Bringing rugby league convert Sam Burgess into the squad just months after his cross-code switch also provided a stick to beat whoever needed beating.

Lancaster inherited an England team that had essentially underperformed at the 2011 World Cup by going out in the quarter-finals. He took it upon himself to try to change everything, some things outside the box with trips to the north of England to soften perceived arrogance, reconnect players with ordinary people.

But the fallout became personal. Rob Andrew, a drop goal England hero of the 1992 World Cup quarter-final, blamed the entire episode on Lancaster. Months later the head coach was still living with the outcome.

“You think about it every minute of most days, or every day really,” Lancaster told BBC Radio Five. “A lot of things have happened since then but equally it’s still very fresh in my mind. It’s been a tough six months.”

He added that he was desperate to coach again, ideally with a Southern Hemisphere team. Leinster saw an opportunity. An encouraging personal text message arrived to him from Johnny Sexton. Within months Lancaster was landing in Leinster with a unique rugby world view.

This week Robbie Henshaw spoke about the coach who came to Dublin five years ago. Lancaster sat the players down and opened up to them about how he felt, crushed and vulnerable. From that initial expression of personal honesty, he grew within the squad as much as a person as a coach.

Each week since, players have eloquently spoken of Lancaster as they did of Joe Schmidt in terms of respect but quite differently in terms of personality and style.

Lancaster conversed as much as instructed, asked players how they thought they were doing, what they thought they could improve on. He introduced the unstructured, structured approach, the idea that every move in every competitive game cannot always be prescriptive.

He gave them confidence in themselves and license to play rugby as they saw it in front of them in real time within an overall Leinster doctrine. Because of that and played at its best it was incredibly difficult for opposition teams’ defences.

He also brought an understated charisma and commanded deference from his biggest potential critics, the media. Articulate and with his north of England, Penrith accent, Lancaster has radiated approachability and consideration, although, not without a pinch of English reserve. An avid journal keeper, he writes everything down.

His commitment to his family, flying to Leeds each week for a night or two, was as good as he could be about it, the onerous routine seen equally as a commitment to Leinster. As good as you can be, is what he asks of the players.

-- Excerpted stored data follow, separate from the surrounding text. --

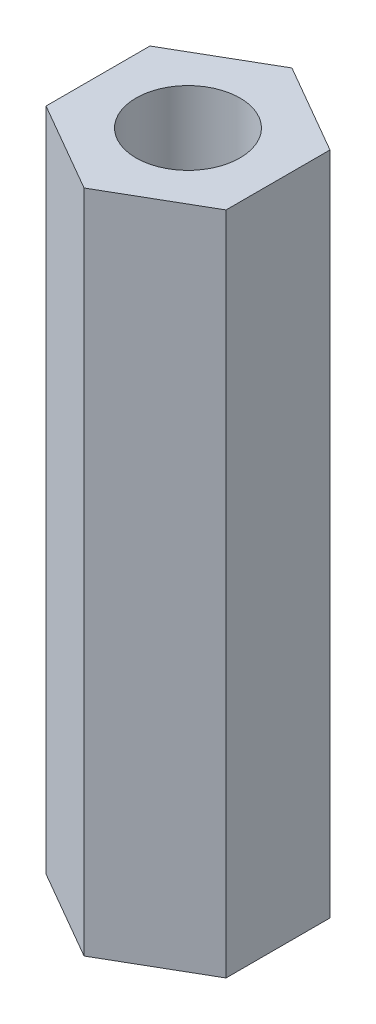
ISO-10303-21;
HEADER;
FILE_DESCRIPTION(('STEP AP214'),'2;1');
FILE_NAME('part.step','',(''),(''),'','','');
FILE_SCHEMA(('AUTOMOTIVE_DESIGN { 1 0 10303 214 1 1 1 1 }'));
ENDSEC;
DATA;
#1=APPLICATION_CONTEXT('core data for automotive mechanical design processes');
#2=APPLICATION_PROTOCOL_DEFINITION('international standard','automotive_design',2000,#1);
#3=PRODUCT_CONTEXT('',#1,'mechanical');
#4=PRODUCT('Part','Part','',(#3));
#5=PRODUCT_RELATED_PRODUCT_CATEGORY('part','',(#4));
#6=PRODUCT_DEFINITION_FORMATION('','',#4);
#7=PRODUCT_DEFINITION_CONTEXT('part definition',#1,'design');
#8=PRODUCT_DEFINITION('design','',#6,#7);
#9=PRODUCT_DEFINITION_SHAPE('','',#8);
#10=(LENGTH_UNIT() NAMED_UNIT(*) SI_UNIT(.MILLI.,.METRE.));
#11=(NAMED_UNIT(*) PLANE_ANGLE_UNIT() SI_UNIT($,.RADIAN.));
#12=(NAMED_UNIT(*) SI_UNIT($,.STERADIAN.) SOLID_ANGLE_UNIT());
#13=UNCERTAINTY_MEASURE_WITH_UNIT(LENGTH_MEASURE(1.E-05),#10,'distance_accuracy_value','');
#14=(GEOMETRIC_REPRESENTATION_CONTEXT(3) GLOBAL_UNCERTAINTY_ASSIGNED_CONTEXT((#13)) GLOBAL_UNIT_ASSIGNED_CONTEXT((#10,
#11,#12)) REPRESENTATION_CONTEXT('',''));
#15=CARTESIAN_POINT('',(0.,0.,0.));
#16=DIRECTION('',(0.,0.,1.));
#17=DIRECTION('',(1.,0.,0.));
#18=AXIS2_PLACEMENT_3D('',#15,#16,#17);
#19=CARTESIAN_POINT('',(0.,32.,-5.));
#20=DIRECTION('',(0.,1.,0.));
#21=DIRECTION('',(0.,0.,1.));
#22=AXIS2_PLACEMENT_3D('',#19,#20,#21);
#23=PLANE('',#22);
#24=DIRECTION('',(-0.866025403784439,0.,-0.5));
#25=VECTOR('',#24,1.);
#26=CARTESIAN_POINT('',(4.33012701892219,32.,-2.5));
#27=LINE('',#26,#25);
#28=CARTESIAN_POINT('',(4.33012701892219,32.,-2.5));
#29=VERTEX_POINT('',#28);
#30=CARTESIAN_POINT('',(0.,32.,-5.));
#31=VERTEX_POINT('',#30);
#32=EDGE_CURVE('E126',#29,#31,#27,.T.);
#33=ORIENTED_EDGE('',*,*,#32,.T.);
#34=DIRECTION('',(-0.866025403784439,0.,0.5));
#35=VECTOR('',#34,1.);
#36=CARTESIAN_POINT('',(0.,32.,-5.));
#37=LINE('',#36,#35);
#38=CARTESIAN_POINT('',(-4.33012701892219,32.,-2.5));
#39=VERTEX_POINT('',#38);
#40=EDGE_CURVE('E84',#31,#39,#37,.T.);
#41=ORIENTED_EDGE('',*,*,#40,.T.);
#42=DIRECTION('',(0.,0.,1.));
#43=VECTOR('',#42,1.);
#44=CARTESIAN_POINT('',(-4.33012701892219,32.,-2.5));
#45=LINE('',#44,#43);
#46=CARTESIAN_POINT('',(-4.33012701892219,32.,2.5));
#47=VERTEX_POINT('',#46);
#48=EDGE_CURVE('E97',#39,#47,#45,.T.);
#49=ORIENTED_EDGE('',*,*,#48,.T.);
#50=DIRECTION('',(0.866025403784439,0.,0.5));
#51=VECTOR('',#50,1.);
#52=CARTESIAN_POINT('',(-4.33012701892219,32.,2.5));
#53=LINE('',#52,#51);
#54=CARTESIAN_POINT('',(0.,32.,5.));
#55=VERTEX_POINT('',#54);
#56=EDGE_CURVE('E91',#47,#55,#53,.T.);
#57=ORIENTED_EDGE('',*,*,#56,.T.);
#58=DIRECTION('',(0.866025403784439,0.,-0.5));
#59=VECTOR('',#58,1.);
#60=CARTESIAN_POINT('',(0.,32.,5.));
#61=LINE('',#60,#59);
#62=CARTESIAN_POINT('',(4.33012701892219,32.,2.5));
#63=VERTEX_POINT('',#62);
#64=EDGE_CURVE('E95',#55,#63,#61,.T.);
#65=ORIENTED_EDGE('',*,*,#64,.T.);
#66=DIRECTION('',(0.,0.,-1.));
#67=VECTOR('',#66,1.);
#68=CARTESIAN_POINT('',(4.33012701892219,32.,2.5));
#69=LINE('',#68,#67);
#70=EDGE_CURVE('E47',#63,#29,#69,.T.);
#71=ORIENTED_EDGE('',*,*,#70,.T.);
#72=EDGE_LOOP('',(#33,#41,#49,#57,#65,#71));
#73=FACE_BOUND('',#72,.T.);
#74=CARTESIAN_POINT('',(0.,32.,0.));
#75=DIRECTION('',(0.,1.,0.));
#76=DIRECTION('',(0.,0.,1.));
#77=AXIS2_PLACEMENT_3D('',#74,#75,#76);
#78=CIRCLE('',#77,2.5);
#79=CARTESIAN_POINT('',(0.,32.,2.5));
#80=VERTEX_POINT('',#79);
#81=EDGE_CURVE('E119',#80,#80,#78,.T.);
#82=ORIENTED_EDGE('',*,*,#81,.F.);
#83=EDGE_LOOP('',(#82));
#84=FACE_BOUND('',#83,.T.);
#85=ADVANCED_FACE('F30',(#73,#84),#23,.T.);
#86=CARTESIAN_POINT('',(0.,0.,-5.));
#87=DIRECTION('',(0.,1.,0.));
#88=DIRECTION('',(0.,0.,1.));
#89=AXIS2_PLACEMENT_3D('',#86,#87,#88);
#90=PLANE('',#89);
#91=DIRECTION('',(-0.866025403784439,0.,-0.5));
#92=VECTOR('',#91,1.);
#93=CARTESIAN_POINT('',(4.33012701892219,0.,-2.5));
#94=LINE('',#93,#92);
#95=CARTESIAN_POINT('',(4.33012701892219,0.,-2.5));
#96=VERTEX_POINT('',#95);
#97=CARTESIAN_POINT('',(0.,0.,-5.));
#98=VERTEX_POINT('',#97);
#99=EDGE_CURVE('E115',#96,#98,#94,.T.);
#100=ORIENTED_EDGE('',*,*,#99,.F.);
#101=DIRECTION('',(0.,0.,-1.));
#102=VECTOR('',#101,1.);
#103=CARTESIAN_POINT('',(4.33012701892219,0.,2.5));
#104=LINE('',#103,#102);
#105=CARTESIAN_POINT('',(4.33012701892219,0.,2.5));
#106=VERTEX_POINT('',#105);
#107=EDGE_CURVE('E76',#106,#96,#104,.T.);
#108=ORIENTED_EDGE('',*,*,#107,.F.);
#109=DIRECTION('',(0.866025403784439,0.,-0.5));
#110=VECTOR('',#109,1.);
#111=CARTESIAN_POINT('',(0.,0.,5.));
#112=LINE('',#111,#110);
#113=CARTESIAN_POINT('',(0.,0.,5.));
#114=VERTEX_POINT('',#113);
#115=EDGE_CURVE('E70',#114,#106,#112,.T.);
#116=ORIENTED_EDGE('',*,*,#115,.F.);
#117=DIRECTION('',(0.866025403784439,0.,0.5));
#118=VECTOR('',#117,1.);
#119=CARTESIAN_POINT('',(-4.33012701892219,0.,2.5));
#120=LINE('',#119,#118);
#121=CARTESIAN_POINT('',(-4.33012701892219,0.,2.5));
#122=VERTEX_POINT('',#121);
#123=EDGE_CURVE('E105',#122,#114,#120,.T.);
#124=ORIENTED_EDGE('',*,*,#123,.F.);
#125=DIRECTION('',(0.,0.,1.));
#126=VECTOR('',#125,1.);
#127=CARTESIAN_POINT('',(-4.33012701892219,0.,-2.5));
#128=LINE('',#127,#126);
#129=CARTESIAN_POINT('',(-4.33012701892219,0.,-2.5));
#130=VERTEX_POINT('',#129);
#131=EDGE_CURVE('E121',#130,#122,#128,.T.);
#132=ORIENTED_EDGE('',*,*,#131,.F.);
#133=DIRECTION('',(-0.866025403784439,0.,0.5));
#134=VECTOR('',#133,1.);
#135=CARTESIAN_POINT('',(0.,0.,-5.));
#136=LINE('',#135,#134);
#137=EDGE_CURVE('E118',#98,#130,#136,.T.);
#138=ORIENTED_EDGE('',*,*,#137,.F.);
#139=EDGE_LOOP('',(#100,#108,#116,#124,#132,#138));
#140=FACE_BOUND('',#139,.T.);
#141=CARTESIAN_POINT('',(0.,0.,0.));
#142=DIRECTION('',(0.,1.,0.));
#143=DIRECTION('',(0.,0.,1.));
#144=AXIS2_PLACEMENT_3D('',#141,#142,#143);
#145=CIRCLE('',#144,2.5);
#146=CARTESIAN_POINT('',(0.,0.,2.5));
#147=VERTEX_POINT('',#146);
#148=EDGE_CURVE('E219',#147,#147,#145,.T.);
#149=ORIENTED_EDGE('',*,*,#148,.T.);
#150=EDGE_LOOP('',(#149));
#151=FACE_BOUND('',#150,.T.);
#152=ADVANCED_FACE('F135',(#140,#151),#90,.F.);
#153=CARTESIAN_POINT('',(4.33012701892219,32.,-2.5));
#154=DIRECTION('',(-0.5,0.,0.866025403784439));
#155=DIRECTION('',(0.866025403784439,0.,0.5));
#156=AXIS2_PLACEMENT_3D('',#153,#154,#155);
#157=PLANE('',#156);
#158=ORIENTED_EDGE('',*,*,#99,.T.);
#159=DIRECTION('',(0.,-1.,0.));
#160=VECTOR('',#159,1.);
#161=CARTESIAN_POINT('',(0.,32.,-5.));
#162=LINE('',#161,#160);
#163=EDGE_CURVE('E11',#31,#98,#162,.T.);
#164=ORIENTED_EDGE('',*,*,#163,.F.);
#165=ORIENTED_EDGE('',*,*,#32,.F.);
#166=DIRECTION('',(0.,-1.,0.));
#167=VECTOR('',#166,1.);
#168=CARTESIAN_POINT('',(4.33012701892219,32.,-2.5));
#169=LINE('',#168,#167);
#170=EDGE_CURVE('E111',#29,#96,#169,.T.);
#171=ORIENTED_EDGE('',*,*,#170,.T.);
#172=EDGE_LOOP('',(#158,#164,#165,#171));
#173=FACE_BOUND('',#172,.T.);
#174=ADVANCED_FACE('F32',(#173),#157,.F.);
#175=CARTESIAN_POINT('',(0.,32.,-5.));
#176=DIRECTION('',(0.5,0.,0.866025403784439));
#177=DIRECTION('',(0.866025403784439,0.,-0.5));
#178=AXIS2_PLACEMENT_3D('',#175,#176,#177);
#179=PLANE('',#178);
#180=ORIENTED_EDGE('',*,*,#137,.T.);
#181=DIRECTION('',(0.,-1.,0.));
#182=VECTOR('',#181,1.);
#183=CARTESIAN_POINT('',(-4.33012701892219,32.,-2.5));
#184=LINE('',#183,#182);
#185=EDGE_CURVE('E39',#39,#130,#184,.T.);
#186=ORIENTED_EDGE('',*,*,#185,.F.);
#187=ORIENTED_EDGE('',*,*,#40,.F.);
#188=ORIENTED_EDGE('',*,*,#163,.T.);
#189=EDGE_LOOP('',(#180,#186,#187,#188));
#190=FACE_BOUND('',#189,.T.);
#191=ADVANCED_FACE('F160',(#190),#179,.F.);
#192=CARTESIAN_POINT('',(-4.33012701892219,32.,-2.5));
#193=DIRECTION('',(1.,0.,0.));
#194=DIRECTION('',(0.,0.,-1.));
#195=AXIS2_PLACEMENT_3D('',#192,#193,#194);
#196=PLANE('',#195);
#197=ORIENTED_EDGE('',*,*,#131,.T.);
#198=DIRECTION('',(0.,-1.,0.));
#199=VECTOR('',#198,1.);
#200=CARTESIAN_POINT('',(-4.33012701892219,32.,2.5));
#201=LINE('',#200,#199);
#202=EDGE_CURVE('E106',#47,#122,#201,.T.);
#203=ORIENTED_EDGE('',*,*,#202,.F.);
#204=ORIENTED_EDGE('',*,*,#48,.F.);
#205=ORIENTED_EDGE('',*,*,#185,.T.);
#206=EDGE_LOOP('',(#197,#203,#204,#205));
#207=FACE_BOUND('',#206,.T.);
#208=ADVANCED_FACE('F132',(#207),#196,.F.);
#209=CARTESIAN_POINT('',(-4.33012701892219,32.,2.5));
#210=DIRECTION('',(0.5,0.,-0.866025403784439));
#211=DIRECTION('',(-0.866025403784439,0.,-0.5));
#212=AXIS2_PLACEMENT_3D('',#209,#210,#211);
#213=PLANE('',#212);
#214=ORIENTED_EDGE('',*,*,#123,.T.);
#215=DIRECTION('',(0.,-1.,0.));
#216=VECTOR('',#215,1.);
#217=CARTESIAN_POINT('',(0.,32.,5.));
#218=LINE('',#217,#216);
#219=EDGE_CURVE('E102',#55,#114,#218,.T.);
#220=ORIENTED_EDGE('',*,*,#219,.F.);
#221=ORIENTED_EDGE('',*,*,#56,.F.);
#222=ORIENTED_EDGE('',*,*,#202,.T.);
#223=EDGE_LOOP('',(#214,#220,#221,#222));
#224=FACE_BOUND('',#223,.T.);
#225=ADVANCED_FACE('F103',(#224),#213,.F.);
#226=CARTESIAN_POINT('',(0.,32.,5.));
#227=DIRECTION('',(-0.5,0.,-0.866025403784439));
#228=DIRECTION('',(-0.866025403784439,0.,0.5));
#229=AXIS2_PLACEMENT_3D('',#226,#227,#228);
#230=PLANE('',#229);
#231=ORIENTED_EDGE('',*,*,#115,.T.);
#232=DIRECTION('',(0.,-1.,0.));
#233=VECTOR('',#232,1.);
#234=CARTESIAN_POINT('',(4.33012701892219,32.,2.5));
#235=LINE('',#234,#233);
#236=EDGE_CURVE('E107',#63,#106,#235,.T.);
#237=ORIENTED_EDGE('',*,*,#236,.F.);
#238=ORIENTED_EDGE('',*,*,#64,.F.);
#239=ORIENTED_EDGE('',*,*,#219,.T.);
#240=EDGE_LOOP('',(#231,#237,#238,#239));
#241=FACE_BOUND('',#240,.T.);
#242=ADVANCED_FACE('F109',(#241),#230,.F.);
#243=CARTESIAN_POINT('',(4.33012701892219,32.,2.5));
#244=DIRECTION('',(-1.,0.,0.));
#245=DIRECTION('',(0.,0.,1.));
#246=AXIS2_PLACEMENT_3D('',#243,#244,#245);
#247=PLANE('',#246);
#248=ORIENTED_EDGE('',*,*,#107,.T.);
#249=ORIENTED_EDGE('',*,*,#170,.F.);
#250=ORIENTED_EDGE('',*,*,#70,.F.);
#251=ORIENTED_EDGE('',*,*,#236,.T.);
#252=EDGE_LOOP('',(#248,#249,#250,#251));
#253=FACE_BOUND('',#252,.T.);
#254=ADVANCED_FACE('F140',(#253),#247,.F.);
#255=CARTESIAN_POINT('',(0.,32.,0.));
#256=DIRECTION('',(0.,-1.,0.));
#257=DIRECTION('',(0.,0.,-1.));
#258=AXIS2_PLACEMENT_3D('',#255,#256,#257);
#259=CYLINDRICAL_SURFACE('',#258,2.5);
#260=ORIENTED_EDGE('',*,*,#81,.T.);
#261=EDGE_LOOP('',(#260));
#262=FACE_BOUND('',#261,.T.);
#263=ORIENTED_EDGE('',*,*,#148,.F.);
#264=EDGE_LOOP('',(#263));
#265=FACE_BOUND('',#264,.T.);
#266=ADVANCED_FACE('F142',(#262,#265),#259,.F.);
#267=CLOSED_SHELL('',(#85,#152,#174,#191,#208,#225,#242,#254,#266));
#268=MANIFOLD_SOLID_BREP('B2',#267);
#269=ADVANCED_BREP_SHAPE_REPRESENTATION('',(#18,#268),#14);
#270=SHAPE_DEFINITION_REPRESENTATION(#9,#269);
ENDSEC;
END-ISO-10303-21;

When his father John suddenly died, he came to understand how the parochial in Leinster was strength, not weakness, its inspiration not its binding, the bonds and ambitions of players forged within the club aspiring always to make it bigger and better and rarely looking beyond.

He told Leinster it was unnecessary for them to attend the funeral, suggesting they didn’t know his father and that it would be disruptive to the team.

Respectfully ignoring the gentle protestations, coaching staff and players flew from Dublin to Manchester. Staying in a Travel Lodge hotel they all drove to the little village, where his father was buried. He learned of the Irish attitude towards grief.

Three years ago, Lancaster spoke of what he has done with the experience of coaching England 50 times. “Pretty much everything has been given to Leinster and, indirectly, to Ireland,” he said.

That’s the sense of him players impart. Leinster got Lancaster on the rebound after a good relationship soured. From there he and Leinster existed like a chemical reaction that worked both ways. He changed the Leinster product and the Leinster product changed him.

That is where the power of his years here has come from, not just the ability to convey knowledge to players but in the understanding that both ways’ exchange is mutually empowering.

Players are never explicit about their affections or respect for coaches, but all leave a vapour trail, Lancaster’s when he departs at the end of the season, likely to linger longer than most.